NYPD using pattern-detecting algorithm to help solve crimes
Marie Donlon | March 11, 2019The New York Police Department (NYPD) is solving crimes with help from pattern-recognition software, according to a number of reports.
Aptly named Patternizr, the software enables NYPD officers to comb through hundreds of thousands of database case files in search of possible crime patterns across the department’s 77 different precincts. Using 10 years of confirmed pattern data, the NYPD developed the software in-house over the course of two years. Although it has been employed by the NYPD since 2016, the software was only made public in a recent issue of Informs Journal on Applied Analytics.
Traditionally, NYPD officers sorted through physical case files in search of patterns, a process that was time-consuming and that could not easily work across precincts. However, during testing of the Patternizr software, researchers found that the software “accurately re-created old crime patterns one-third of the time and returned parts of patterns 80 percent of the time,” according to reports.

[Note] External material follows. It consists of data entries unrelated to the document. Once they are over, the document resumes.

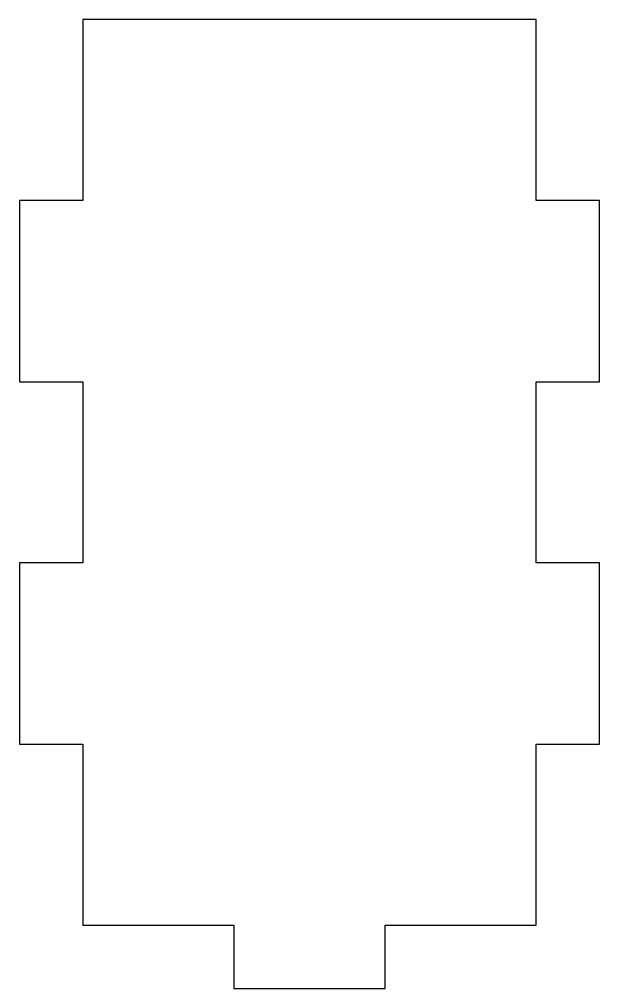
# Model space of a CAD drawing. Header units: millimetres. Extents: x 90.8 to 129.2, y -4.2 to 60.
import ezdxf

# ---------------------------------------------------------------- set-up
doc = ezdxf.new("R2010")
doc.units = ezdxf.units.MM
doc.layers.get('0').update_dxf_attribs({"linetype": 'CONTINUOUS'})

msp = doc.modelspace()

# ---------------------------------------------------------------- linework, layer by layer
msp.add_lwpolyline([(125, 0), (125, 12), (129.2, 12), (129.2, 24), (125, 24), (125, 36), (129.2, 36), (129.2, 48), (125, 48), (125, 60), (95, 60), (95, 48), (90.8, 48), (90.8, 36), (95, 36), (95, 24), (90.8, 24), (90.8, 12), (95, 12), (95, 0), (105, 0), (105, -4.2), (115, -4.2), (115, 0)], close=True)

doc.saveas('drawing.dxf')

One example of the effectiveness of the software was demonstrated with the recent arrest of a syringe-wielding suspect who had allegedly stolen drills from two New York City Home Depots. According to Rebecca Shutt, a crime analyst who had solved the case using the software, the system noticed patterns in both crimes and notified law enforcement of the similarities of the two crimes, something that might not have happened before the software as not every precinct complaint is visible to other precincts.
“The real advantage of the tool is that we minimize the amount of leg work and busy work that analysts or detectives have to do, and really allow them to leverage their expertise and their experience in going through a much smaller list of results,” said Alex Chohlas-Wood, who developed the software along with Evan Levine, the NYPD assistant commissioner of data analytics.